--- Entries supplied Enclosed Below ---

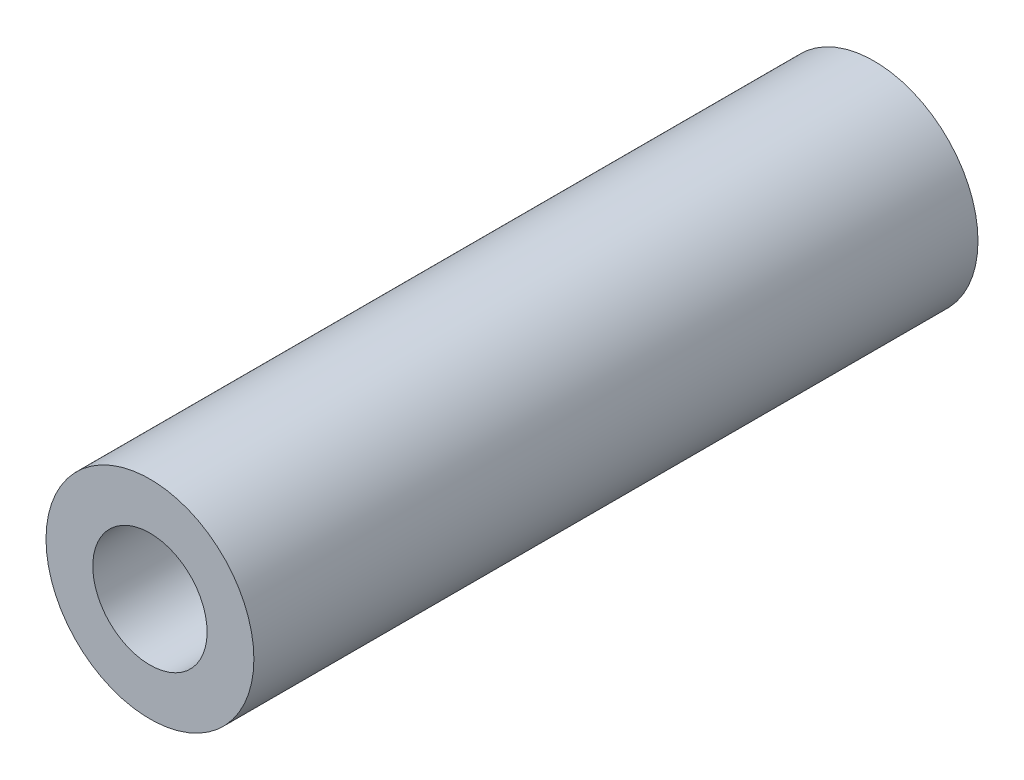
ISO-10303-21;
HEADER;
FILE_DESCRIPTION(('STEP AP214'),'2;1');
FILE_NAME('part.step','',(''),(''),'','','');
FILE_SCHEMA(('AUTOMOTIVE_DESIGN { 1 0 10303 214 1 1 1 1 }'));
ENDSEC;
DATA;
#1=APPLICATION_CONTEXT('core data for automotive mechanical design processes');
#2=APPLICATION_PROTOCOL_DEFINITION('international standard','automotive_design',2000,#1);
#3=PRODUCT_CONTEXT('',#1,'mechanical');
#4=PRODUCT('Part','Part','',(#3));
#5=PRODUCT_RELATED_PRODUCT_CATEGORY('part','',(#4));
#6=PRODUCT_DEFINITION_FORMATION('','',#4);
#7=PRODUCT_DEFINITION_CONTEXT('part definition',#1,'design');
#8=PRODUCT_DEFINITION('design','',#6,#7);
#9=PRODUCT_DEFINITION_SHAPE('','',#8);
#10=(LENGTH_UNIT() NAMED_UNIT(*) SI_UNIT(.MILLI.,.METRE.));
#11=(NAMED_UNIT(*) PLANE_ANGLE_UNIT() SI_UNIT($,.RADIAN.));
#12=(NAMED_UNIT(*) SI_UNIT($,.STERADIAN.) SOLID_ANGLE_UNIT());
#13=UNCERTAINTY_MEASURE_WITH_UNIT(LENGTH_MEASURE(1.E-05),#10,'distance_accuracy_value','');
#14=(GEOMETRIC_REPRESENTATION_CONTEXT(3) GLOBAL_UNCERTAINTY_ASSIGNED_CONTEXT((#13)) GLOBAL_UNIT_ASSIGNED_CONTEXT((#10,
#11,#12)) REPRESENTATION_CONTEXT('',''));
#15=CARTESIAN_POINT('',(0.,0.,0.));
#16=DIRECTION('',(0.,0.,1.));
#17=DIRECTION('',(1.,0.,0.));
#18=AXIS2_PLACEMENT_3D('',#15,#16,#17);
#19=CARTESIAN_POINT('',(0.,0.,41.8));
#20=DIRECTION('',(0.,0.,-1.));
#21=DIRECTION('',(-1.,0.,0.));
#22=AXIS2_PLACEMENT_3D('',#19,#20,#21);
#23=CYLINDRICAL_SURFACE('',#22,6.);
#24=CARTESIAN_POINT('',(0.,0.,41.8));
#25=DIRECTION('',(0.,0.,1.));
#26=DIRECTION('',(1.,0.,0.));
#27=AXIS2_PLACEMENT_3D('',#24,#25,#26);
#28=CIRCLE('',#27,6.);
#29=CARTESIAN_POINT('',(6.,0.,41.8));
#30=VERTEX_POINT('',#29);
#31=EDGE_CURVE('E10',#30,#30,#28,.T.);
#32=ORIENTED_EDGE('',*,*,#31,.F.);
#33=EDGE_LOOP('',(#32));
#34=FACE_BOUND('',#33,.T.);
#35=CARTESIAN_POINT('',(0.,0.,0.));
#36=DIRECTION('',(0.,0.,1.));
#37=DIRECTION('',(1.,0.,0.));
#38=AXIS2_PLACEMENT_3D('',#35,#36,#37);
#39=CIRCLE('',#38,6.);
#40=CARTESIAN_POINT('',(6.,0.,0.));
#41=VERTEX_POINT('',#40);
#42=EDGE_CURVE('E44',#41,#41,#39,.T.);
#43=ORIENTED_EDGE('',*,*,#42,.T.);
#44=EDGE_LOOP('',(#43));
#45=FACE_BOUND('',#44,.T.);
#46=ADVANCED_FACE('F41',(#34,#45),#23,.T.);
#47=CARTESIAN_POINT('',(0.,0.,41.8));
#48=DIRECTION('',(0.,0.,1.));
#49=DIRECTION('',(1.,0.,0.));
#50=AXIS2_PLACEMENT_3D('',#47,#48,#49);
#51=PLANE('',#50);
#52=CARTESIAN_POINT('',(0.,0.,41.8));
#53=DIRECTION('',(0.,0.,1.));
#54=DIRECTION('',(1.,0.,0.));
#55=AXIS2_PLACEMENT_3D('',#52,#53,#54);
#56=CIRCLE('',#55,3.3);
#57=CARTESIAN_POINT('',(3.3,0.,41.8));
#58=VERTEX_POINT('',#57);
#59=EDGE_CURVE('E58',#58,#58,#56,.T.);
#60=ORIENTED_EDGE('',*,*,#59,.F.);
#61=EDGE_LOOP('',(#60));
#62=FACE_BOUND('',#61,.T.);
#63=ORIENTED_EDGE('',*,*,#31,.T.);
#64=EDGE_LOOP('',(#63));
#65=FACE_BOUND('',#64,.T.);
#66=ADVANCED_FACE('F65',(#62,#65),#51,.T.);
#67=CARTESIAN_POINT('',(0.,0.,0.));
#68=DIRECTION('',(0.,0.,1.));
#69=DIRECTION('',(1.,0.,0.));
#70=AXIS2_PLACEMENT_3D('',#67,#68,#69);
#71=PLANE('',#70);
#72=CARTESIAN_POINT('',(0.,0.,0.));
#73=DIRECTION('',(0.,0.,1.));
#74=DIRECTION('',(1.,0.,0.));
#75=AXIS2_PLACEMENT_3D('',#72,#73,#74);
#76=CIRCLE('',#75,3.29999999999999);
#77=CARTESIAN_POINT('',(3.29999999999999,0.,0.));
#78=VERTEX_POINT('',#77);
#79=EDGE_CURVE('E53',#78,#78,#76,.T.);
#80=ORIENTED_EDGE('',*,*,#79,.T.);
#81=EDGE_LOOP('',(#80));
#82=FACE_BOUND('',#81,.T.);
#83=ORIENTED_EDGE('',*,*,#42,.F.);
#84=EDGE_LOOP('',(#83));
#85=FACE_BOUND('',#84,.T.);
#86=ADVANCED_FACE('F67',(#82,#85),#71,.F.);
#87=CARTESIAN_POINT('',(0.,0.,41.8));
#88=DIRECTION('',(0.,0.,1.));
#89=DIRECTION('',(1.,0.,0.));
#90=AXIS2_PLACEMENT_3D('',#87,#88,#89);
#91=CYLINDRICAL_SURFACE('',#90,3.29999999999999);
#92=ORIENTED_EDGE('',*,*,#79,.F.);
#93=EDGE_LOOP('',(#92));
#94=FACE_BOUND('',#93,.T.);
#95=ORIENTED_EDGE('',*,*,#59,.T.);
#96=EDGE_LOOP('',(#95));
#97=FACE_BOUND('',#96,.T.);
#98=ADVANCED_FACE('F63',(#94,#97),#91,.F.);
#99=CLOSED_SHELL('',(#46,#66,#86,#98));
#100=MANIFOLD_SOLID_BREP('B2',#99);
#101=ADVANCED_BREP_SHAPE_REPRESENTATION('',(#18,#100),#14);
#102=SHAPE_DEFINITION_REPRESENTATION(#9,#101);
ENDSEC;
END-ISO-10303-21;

--- End of Enclosed Entries supplied ---

* What to work on *
Give back the whole listing as it stands, minus its pictures.

* Response box *
ISO-10303-21;
HEADER;
FILE_DESCRIPTION(('STEP AP214'),'2;1');
FILE_NAME('part.step','',(''),(''),'','','');
FILE_SCHEMA(('AUTOMOTIVE_DESIGN { 1 0 10303 214 1 1 1 1 }'));
ENDSEC;
DATA;
#1=APPLICATION_CONTEXT('core data for automotive mechanical design processes');
#2=APPLICATION_PROTOCOL_DEFINITION('international standard','automotive_design',2000,#1);
#3=PRODUCT_CONTEXT('',#1,'mechanical');
#4=PRODUCT('Part','Part','',(#3));
#5=PRODUCT_RELATED_PRODUCT_CATEGORY('part','',(#4));
#6=PRODUCT_DEFINITION_FORMATION('','',#4);
#7=PRODUCT_DEFINITION_CONTEXT('part definition',#1,'design');
#8=PRODUCT_DEFINITION('design','',#6,#7);
#9=PRODUCT_DEFINITION_SHAPE('','',#8);
#10=(LENGTH_UNIT() NAMED_UNIT(*) SI_UNIT(.MILLI.,.METRE.));
#11=(NAMED_UNIT(*) PLANE_ANGLE_UNIT() SI_UNIT($,.RADIAN.));
#12=(NAMED_UNIT(*) SI_UNIT($,.STERADIAN.) SOLID_ANGLE_UNIT());
#13=UNCERTAINTY_MEASURE_WITH_UNIT(LENGTH_MEASURE(1.E-05),#10,'distance_accuracy_value','');
#14=(GEOMETRIC_REPRESENTATION_CONTEXT(3) GLOBAL_UNCERTAINTY_ASSIGNED_CONTEXT((#13)) GLOBAL_UNIT_ASSIGNED_CONTEXT((#10,
#11,#12)) REPRESENTATION_CONTEXT('',''));
#15=CARTESIAN_POINT('',(0.,0.,0.));
#16=DIRECTION('',(0.,0.,1.));
#17=DIRECTION('',(1.,0.,0.));
#18=AXIS2_PLACEMENT_3D('',#15,#16,#17);
#19=CARTESIAN_POINT('',(0.,0.,41.8));
#20=DIRECTION('',(0.,0.,-1.));
#21=DIRECTION('',(-1.,0.,0.));
#22=AXIS2_PLACEMENT_3D('',#19,#20,#21);
#23=CYLINDRICAL_SURFACE('',#22,6.);
#24=CARTESIAN_POINT('',(0.,0.,41.8));
#25=DIRECTION('',(0.,0.,1.));
#26=DIRECTION('',(1.,0.,0.));
#27=AXIS2_PLACEMENT_3D('',#24,#25,#26);
#28=CIRCLE('',#27,6.);
#29=CARTESIAN_POINT('',(6.,0.,41.8));
#30=VERTEX_POINT('',#29);
#31=EDGE_CURVE('E10',#30,#30,#28,.T.);
#32=ORIENTED_EDGE('',*,*,#31,.F.);
#33=EDGE_LOOP('',(#32));
#34=FACE_BOUND('',#33,.T.);
#35=CARTESIAN_POINT('',(0.,0.,0.));
#36=DIRECTION('',(0.,0.,1.));
#37=DIRECTION('',(1.,0.,0.));
#38=AXIS2_PLACEMENT_3D('',#35,#36,#37);
#39=CIRCLE('',#38,6.);
#40=CARTESIAN_POINT('',(6.,0.,0.));
#41=VERTEX_POINT('',#40);
#42=EDGE_CURVE('E44',#41,#41,#39,.T.);
#43=ORIENTED_EDGE('',*,*,#42,.T.);
#44=EDGE_LOOP('',(#43));
#45=FACE_BOUND('',#44,.T.);
#46=ADVANCED_FACE('F41',(#34,#45),#23,.T.);
#47=CARTESIAN_POINT('',(0.,0.,41.8));
#48=DIRECTION('',(0.,0.,1.));
#49=DIRECTION('',(1.,0.,0.));
#50=AXIS2_PLACEMENT_3D('',#47,#48,#49);
#51=PLANE('',#50);
#52=CARTESIAN_POINT('',(0.,0.,41.8));
#53=DIRECTION('',(0.,0.,1.));
#54=DIRECTION('',(1.,0.,0.));
#55=AXIS2_PLACEMENT_3D('',#52,#53,#54);
#56=CIRCLE('',#55,3.3);
#57=CARTESIAN_POINT('',(3.3,0.,41.8));
#58=VERTEX_POINT('',#57);
#59=EDGE_CURVE('E58',#58,#58,#56,.T.);
#60=ORIENTED_EDGE('',*,*,#59,.F.);
#61=EDGE_LOOP('',(#60));
#62=FACE_BOUND('',#61,.T.);
#63=ORIENTED_EDGE('',*,*,#31,.T.);
#64=EDGE_LOOP('',(#63));
#65=FACE_BOUND('',#64,.T.);
#66=ADVANCED_FACE('F65',(#62,#65),#51,.T.);
#67=CARTESIAN_POINT('',(0.,0.,0.));
#68=DIRECTION('',(0.,0.,1.));
#69=DIRECTION('',(1.,0.,0.));
#70=AXIS2_PLACEMENT_3D('',#67,#68,#69);
#71=PLANE('',#70);
#72=CARTESIAN_POINT('',(0.,0.,0.));
#73=DIRECTION('',(0.,0.,1.));
#74=DIRECTION('',(1.,0.,0.));
#75=AXIS2_PLACEMENT_3D('',#72,#73,#74);
#76=CIRCLE('',#75,3.29999999999999);
#77=CARTESIAN_POINT('',(3.29999999999999,0.,0.));
#78=VERTEX_POINT('',#77);
#79=EDGE_CURVE('E53',#78,#78,#76,.T.);
#80=ORIENTED_EDGE('',*,*,#79,.T.);
#81=EDGE_LOOP('',(#80));
#82=FACE_BOUND('',#81,.T.);
#83=ORIENTED_EDGE('',*,*,#42,.F.);
#84=EDGE_LOOP('',(#83));
#85=FACE_BOUND('',#84,.T.);
#86=ADVANCED_FACE('F67',(#82,#85),#71,.F.);
#87=CARTESIAN_POINT('',(0.,0.,41.8));
#88=DIRECTION('',(0.,0.,1.));
#89=DIRECTION('',(1.,0.,0.));
#90=AXIS2_PLACEMENT_3D('',#87,#88,#89);
#91=CYLINDRICAL_SURFACE('',#90,3.29999999999999);
#92=ORIENTED_EDGE('',*,*,#79,.F.);
#93=EDGE_LOOP('',(#92));
#94=FACE_BOUND('',#93,.T.);
#95=ORIENTED_EDGE('',*,*,#59,.T.);
#96=EDGE_LOOP('',(#95));
#97=FACE_BOUND('',#96,.T.);
#98=ADVANCED_FACE('F63',(#94,#97),#91,.F.);
#99=CLOSED_SHELL('',(#46,#66,#86,#98));
#100=MANIFOLD_SOLID_BREP('B2',#99);
#101=ADVANCED_BREP_SHAPE_REPRESENTATION('',(#18,#100),#14);
#102=SHAPE_DEFINITION_REPRESENTATION(#9,#101);
ENDSEC;
END-ISO-10303-21;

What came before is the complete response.